Steamboat traffic on the river ended, and Main Street -- which the Cosgroves could see from their tall front windows -- was stagnating.

In 1902, a promoter named John Silver had an idea. "What this town needs is a corn cannery," he said, convincing Cosgrove, now a prosperous landowner, that he was just the investor to make this happen. A year later, the Minnesota Valley Canning Co. (eventually the Green Giant Company) opened.

The family moved into a larger house, and the little house sat empty. The youngest son, Edward, attended the University of Minnesota, where he met and married Louise Strong. They returned to Le Sueur and moved in with the elder Cosgroves. But Louise had other plans.
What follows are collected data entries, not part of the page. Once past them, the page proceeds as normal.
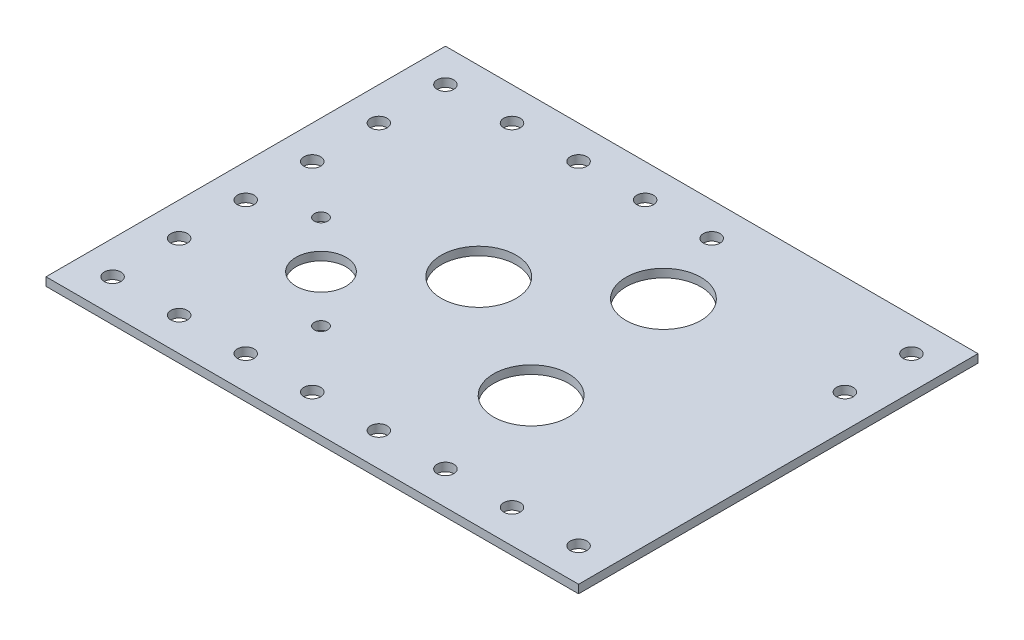
ISO-10303-21;
HEADER;
FILE_DESCRIPTION(('STEP AP214'),'2;1');
FILE_NAME('part.step','',(''),(''),'','','');
FILE_SCHEMA(('AUTOMOTIVE_DESIGN { 1 0 10303 214 1 1 1 1 }'));
ENDSEC;
DATA;
#1=APPLICATION_CONTEXT('core data for automotive mechanical design processes');
#2=APPLICATION_PROTOCOL_DEFINITION('international standard','automotive_design',2000,#1);
#3=PRODUCT_CONTEXT('',#1,'mechanical');
#4=PRODUCT('Part','Part','',(#3));
#5=PRODUCT_RELATED_PRODUCT_CATEGORY('part','',(#4));
#6=PRODUCT_DEFINITION_FORMATION('','',#4);
#7=PRODUCT_DEFINITION_CONTEXT('part definition',#1,'design');
#8=PRODUCT_DEFINITION('design','',#6,#7);
#9=PRODUCT_DEFINITION_SHAPE('','',#8);
#10=(LENGTH_UNIT() NAMED_UNIT(*) SI_UNIT(.MILLI.,.METRE.));
#11=(NAMED_UNIT(*) PLANE_ANGLE_UNIT() SI_UNIT($,.RADIAN.));
#12=(NAMED_UNIT(*) SI_UNIT($,.STERADIAN.) SOLID_ANGLE_UNIT());
#13=UNCERTAINTY_MEASURE_WITH_UNIT(LENGTH_MEASURE(1.E-05),#10,'distance_accuracy_value','');
#14=(GEOMETRIC_REPRESENTATION_CONTEXT(3) GLOBAL_UNCERTAINTY_ASSIGNED_CONTEXT((#13)) GLOBAL_UNIT_ASSIGNED_CONTEXT((#10,
#11,#12)) REPRESENTATION_CONTEXT('',''));
#15=CARTESIAN_POINT('',(0.,0.,0.));
#16=DIRECTION('',(0.,0.,1.));
#17=DIRECTION('',(1.,0.,0.));
#18=AXIS2_PLACEMENT_3D('',#15,#16,#17);
#19=CARTESIAN_POINT('',(0.,3.175,0.));
#20=DIRECTION('',(1.,0.,0.));
#21=DIRECTION('',(0.,0.,-1.));
#22=AXIS2_PLACEMENT_3D('',#19,#20,#21);
#23=PLANE('',#22);
#24=DIRECTION('',(0.,0.,1.));
#25=VECTOR('',#24,1.);
#26=CARTESIAN_POINT('',(0.,0.,0.));
#27=LINE('',#26,#25);
#28=CARTESIAN_POINT('',(0.,0.,-152.4));
#29=VERTEX_POINT('',#28);
#30=CARTESIAN_POINT('',(0.,0.,0.));
#31=VERTEX_POINT('',#30);
#32=EDGE_CURVE('E103',#29,#31,#27,.T.);
#33=ORIENTED_EDGE('',*,*,#32,.T.);
#34=DIRECTION('',(0.,-1.,0.));
#35=VECTOR('',#34,1.);
#36=CARTESIAN_POINT('',(0.,3.175,0.));
#37=LINE('',#36,#35);
#38=CARTESIAN_POINT('',(0.,3.175,0.));
#39=VERTEX_POINT('',#38);
#40=EDGE_CURVE('E11',#39,#31,#37,.T.);
#41=ORIENTED_EDGE('',*,*,#40,.F.);
#42=DIRECTION('',(0.,0.,1.));
#43=VECTOR('',#42,1.);
#44=CARTESIAN_POINT('',(0.,3.175,0.));
#45=LINE('',#44,#43);
#46=CARTESIAN_POINT('',(0.,3.175,-152.4));
#47=VERTEX_POINT('',#46);
#48=EDGE_CURVE('E90',#47,#39,#45,.T.);
#49=ORIENTED_EDGE('',*,*,#48,.F.);
#50=DIRECTION('',(0.,-1.,0.));
#51=VECTOR('',#50,1.);
#52=CARTESIAN_POINT('',(0.,3.175,-152.4));
#53=LINE('',#52,#51);
#54=EDGE_CURVE('E99',#47,#29,#53,.T.);
#55=ORIENTED_EDGE('',*,*,#54,.T.);
#56=EDGE_LOOP('',(#33,#41,#49,#55));
#57=FACE_BOUND('',#56,.T.);
#58=ADVANCED_FACE('F37',(#57),#23,.F.);
#59=CARTESIAN_POINT('',(0.,3.175,0.));
#60=DIRECTION('',(0.,0.,-1.));
#61=DIRECTION('',(-1.,0.,0.));
#62=AXIS2_PLACEMENT_3D('',#59,#60,#61);
#63=PLANE('',#62);
#64=DIRECTION('',(1.,0.,0.));
#65=VECTOR('',#64,1.);
#66=CARTESIAN_POINT('',(0.,0.,0.));
#67=LINE('',#66,#65);
#68=CARTESIAN_POINT('',(203.2,0.,0.));
#69=VERTEX_POINT('',#68);
#70=EDGE_CURVE('E94',#31,#69,#67,.T.);
#71=ORIENTED_EDGE('',*,*,#70,.T.);
#72=DIRECTION('',(0.,-1.,0.));
#73=VECTOR('',#72,1.);
#74=CARTESIAN_POINT('',(203.2,3.175,0.));
#75=LINE('',#74,#73);
#76=CARTESIAN_POINT('',(203.2,3.175,0.));
#77=VERTEX_POINT('',#76);
#78=EDGE_CURVE('E46',#77,#69,#75,.T.);
#79=ORIENTED_EDGE('',*,*,#78,.F.);
#80=DIRECTION('',(1.,0.,0.));
#81=VECTOR('',#80,1.);
#82=CARTESIAN_POINT('',(0.,3.175,0.));
#83=LINE('',#82,#81);
#84=EDGE_CURVE('E85',#39,#77,#83,.T.);
#85=ORIENTED_EDGE('',*,*,#84,.F.);
#86=ORIENTED_EDGE('',*,*,#40,.T.);
#87=EDGE_LOOP('',(#71,#79,#85,#86));
#88=FACE_BOUND('',#87,.T.);
#89=ADVANCED_FACE('F93',(#88),#63,.F.);
#90=CARTESIAN_POINT('',(203.2,3.175,0.));
#91=DIRECTION('',(-1.,0.,0.));
#92=DIRECTION('',(0.,0.,1.));
#93=AXIS2_PLACEMENT_3D('',#90,#91,#92);
#94=PLANE('',#93);
#95=DIRECTION('',(0.,0.,-1.));
#96=VECTOR('',#95,1.);
#97=CARTESIAN_POINT('',(203.2,0.,0.));
#98=LINE('',#97,#96);
#99=CARTESIAN_POINT('',(203.2,0.,-152.4));
#100=VERTEX_POINT('',#99);
#101=EDGE_CURVE('E72',#69,#100,#98,.T.);
#102=ORIENTED_EDGE('',*,*,#101,.T.);
#103=DIRECTION('',(0.,-1.,0.));
#104=VECTOR('',#103,1.);
#105=CARTESIAN_POINT('',(203.2,3.175,-152.4));
#106=LINE('',#105,#104);
#107=CARTESIAN_POINT('',(203.2,3.175,-152.4));
#108=VERTEX_POINT('',#107);
#109=EDGE_CURVE('E95',#108,#100,#106,.T.);
#110=ORIENTED_EDGE('',*,*,#109,.F.);
#111=DIRECTION('',(0.,0.,-1.));
#112=VECTOR('',#111,1.);
#113=CARTESIAN_POINT('',(203.2,3.175,0.));
#114=LINE('',#113,#112);
#115=EDGE_CURVE('E88',#77,#108,#114,.T.);
#116=ORIENTED_EDGE('',*,*,#115,.F.);
#117=ORIENTED_EDGE('',*,*,#78,.T.);
#118=EDGE_LOOP('',(#102,#110,#116,#117));
#119=FACE_BOUND('',#118,.T.);
#120=ADVANCED_FACE('F97',(#119),#94,.F.);
#121=CARTESIAN_POINT('',(0.,3.175,-152.4));
#122=DIRECTION('',(0.,0.,1.));
#123=DIRECTION('',(1.,0.,0.));
#124=AXIS2_PLACEMENT_3D('',#121,#122,#123);
#125=PLANE('',#124);
#126=DIRECTION('',(-1.,0.,0.));
#127=VECTOR('',#126,1.);
#128=CARTESIAN_POINT('',(0.,0.,-152.4));
#129=LINE('',#128,#127);
#130=EDGE_CURVE('E78',#100,#29,#129,.T.);
#131=ORIENTED_EDGE('',*,*,#130,.T.);
#132=ORIENTED_EDGE('',*,*,#54,.F.);
#133=DIRECTION('',(-1.,0.,0.));
#134=VECTOR('',#133,1.);
#135=CARTESIAN_POINT('',(0.,3.175,-152.4));
#136=LINE('',#135,#134);
#137=EDGE_CURVE('E55',#108,#47,#136,.T.);
#138=ORIENTED_EDGE('',*,*,#137,.F.);
#139=ORIENTED_EDGE('',*,*,#109,.T.);
#140=EDGE_LOOP('',(#131,#132,#138,#139));
#141=FACE_BOUND('',#140,.T.);
#142=ADVANCED_FACE('F266',(#141),#125,.F.);
#143=CARTESIAN_POINT('',(0.,3.175,0.));
#144=DIRECTION('',(0.,-1.,0.));
#145=DIRECTION('',(0.,0.,-1.));
#146=AXIS2_PLACEMENT_3D('',#143,#144,#145);
#147=PLANE('',#146);
#148=CARTESIAN_POINT('',(131.7498,3.175,-53.34));
#149=DIRECTION('',(0.,1.,0.));
#150=DIRECTION('',(0.,0.,1.));
#151=AXIS2_PLACEMENT_3D('',#148,#149,#150);
#152=CIRCLE('',#151,14.2875);
#153=CARTESIAN_POINT('',(131.7498,3.175,-39.0525));
#154=VERTEX_POINT('',#153);
#155=EDGE_CURVE('E214',#154,#154,#152,.T.);
#156=ORIENTED_EDGE('',*,*,#155,.F.);
#157=EDGE_LOOP('',(#156));
#158=FACE_BOUND('',#157,.T.);
#159=CARTESIAN_POINT('',(125.095,3.175,-110.49));
#160=DIRECTION('',(0.,1.,0.));
#161=DIRECTION('',(0.,0.,1.));
#162=AXIS2_PLACEMENT_3D('',#159,#160,#161);
#163=CIRCLE('',#162,14.2875);
#164=CARTESIAN_POINT('',(125.095,3.175,-96.2025));
#165=VERTEX_POINT('',#164);
#166=EDGE_CURVE('E204',#165,#165,#163,.T.);
#167=ORIENTED_EDGE('',*,*,#166,.F.);
#168=EDGE_LOOP('',(#167));
#169=FACE_BOUND('',#168,.T.);
#170=CARTESIAN_POINT('',(190.5,3.175,-139.7));
#171=DIRECTION('',(0.,1.,0.));
#172=DIRECTION('',(0.,0.,1.));
#173=AXIS2_PLACEMENT_3D('',#170,#171,#172);
#174=CIRCLE('',#173,3.175);
#175=CARTESIAN_POINT('',(190.5,3.175,-136.525));
#176=VERTEX_POINT('',#175);
#177=EDGE_CURVE('E201',#176,#176,#174,.T.);
#178=ORIENTED_EDGE('',*,*,#177,.F.);
#179=EDGE_LOOP('',(#178));
#180=FACE_BOUND('',#179,.T.);
#181=CARTESIAN_POINT('',(190.5,3.175,-114.3));
#182=DIRECTION('',(0.,1.,0.));
#183=DIRECTION('',(0.,0.,1.));
#184=AXIS2_PLACEMENT_3D('',#181,#182,#183);
#185=CIRCLE('',#184,3.175);
#186=CARTESIAN_POINT('',(190.5,3.175,-111.125));
#187=VERTEX_POINT('',#186);
#188=EDGE_CURVE('E198',#187,#187,#185,.T.);
#189=ORIENTED_EDGE('',*,*,#188,.F.);
#190=EDGE_LOOP('',(#189));
#191=FACE_BOUND('',#190,.T.);
#192=CARTESIAN_POINT('',(114.3,3.175,-139.7));
#193=DIRECTION('',(0.,1.,0.));
#194=DIRECTION('',(0.,0.,1.));
#195=AXIS2_PLACEMENT_3D('',#192,#193,#194);
#196=CIRCLE('',#195,3.175);
#197=CARTESIAN_POINT('',(114.3,3.175,-136.525));
#198=VERTEX_POINT('',#197);
#199=EDGE_CURVE('E194',#198,#198,#196,.T.);
#200=ORIENTED_EDGE('',*,*,#199,.F.);
#201=EDGE_LOOP('',(#200));
#202=FACE_BOUND('',#201,.T.);
#203=CARTESIAN_POINT('',(88.8999999999996,3.175,-139.7));
#204=DIRECTION('',(0.,1.,0.));
#205=DIRECTION('',(0.,0.,1.));
#206=AXIS2_PLACEMENT_3D('',#203,#204,#205);
#207=CIRCLE('',#206,3.175);
#208=CARTESIAN_POINT('',(88.8999999999996,3.175,-136.525));
#209=VERTEX_POINT('',#208);
#210=EDGE_CURVE('E190',#209,#209,#207,.T.);
#211=ORIENTED_EDGE('',*,*,#210,.F.);
#212=EDGE_LOOP('',(#211));
#213=FACE_BOUND('',#212,.T.);
#214=CARTESIAN_POINT('',(63.4999999999996,3.175,-139.7));
#215=DIRECTION('',(0.,1.,0.));
#216=DIRECTION('',(0.,0.,1.));
#217=AXIS2_PLACEMENT_3D('',#214,#215,#216);
#218=CIRCLE('',#217,3.175);
#219=CARTESIAN_POINT('',(63.4999999999996,3.175,-136.525));
#220=VERTEX_POINT('',#219);
#221=EDGE_CURVE('E186',#220,#220,#218,.T.);
#222=ORIENTED_EDGE('',*,*,#221,.F.);
#223=EDGE_LOOP('',(#222));
#224=FACE_BOUND('',#223,.T.);
#225=CARTESIAN_POINT('',(38.0999999999996,3.175,-139.7));
#226=DIRECTION('',(0.,1.,0.));
#227=DIRECTION('',(0.,0.,1.));
#228=AXIS2_PLACEMENT_3D('',#225,#226,#227);
#229=CIRCLE('',#228,3.175);
#230=CARTESIAN_POINT('',(38.0999999999996,3.175,-136.525));
#231=VERTEX_POINT('',#230);
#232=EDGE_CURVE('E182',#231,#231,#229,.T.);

"I had my eye on the little Mayo house, which was scallopy and just adorable," she said in an interview published in a company newsletter, The Nibletter. So in 1914 the house again became a wedding gift.

Louise began adding rooms -- an indoor bathroom, a summer kitchen. Rats from the nearby feed mill scared the hired girls. "Sometimes it was terrible, and I don't know how I lived through it," Louise recalled. "But then, it was also the happiest time of my life."

The house became company headquarters, with Dr. Mayo's old office now Cosgrove's sanctum. There, he struggled to spread out huge plat maps of the cornfields.

Eventually, an eyesore

In 1920, the family and the business outgrew the house. It fell into disrepair and by 1935 had become an eyesore. People with a sense of history persuaded William Mayo's two sons -- now of the Mayo Clinic -- to buy it. They gave it to the city of Le Sueur and it became the town library.

In 1967, a new library opened and the house again stood empty, but not for long. The Minnesota Historical Society bought it for a symbolic $1, and opened it as an historic site in 1974.

In 1993, Robert Cosgrove died; he was the last person to have lived in the house.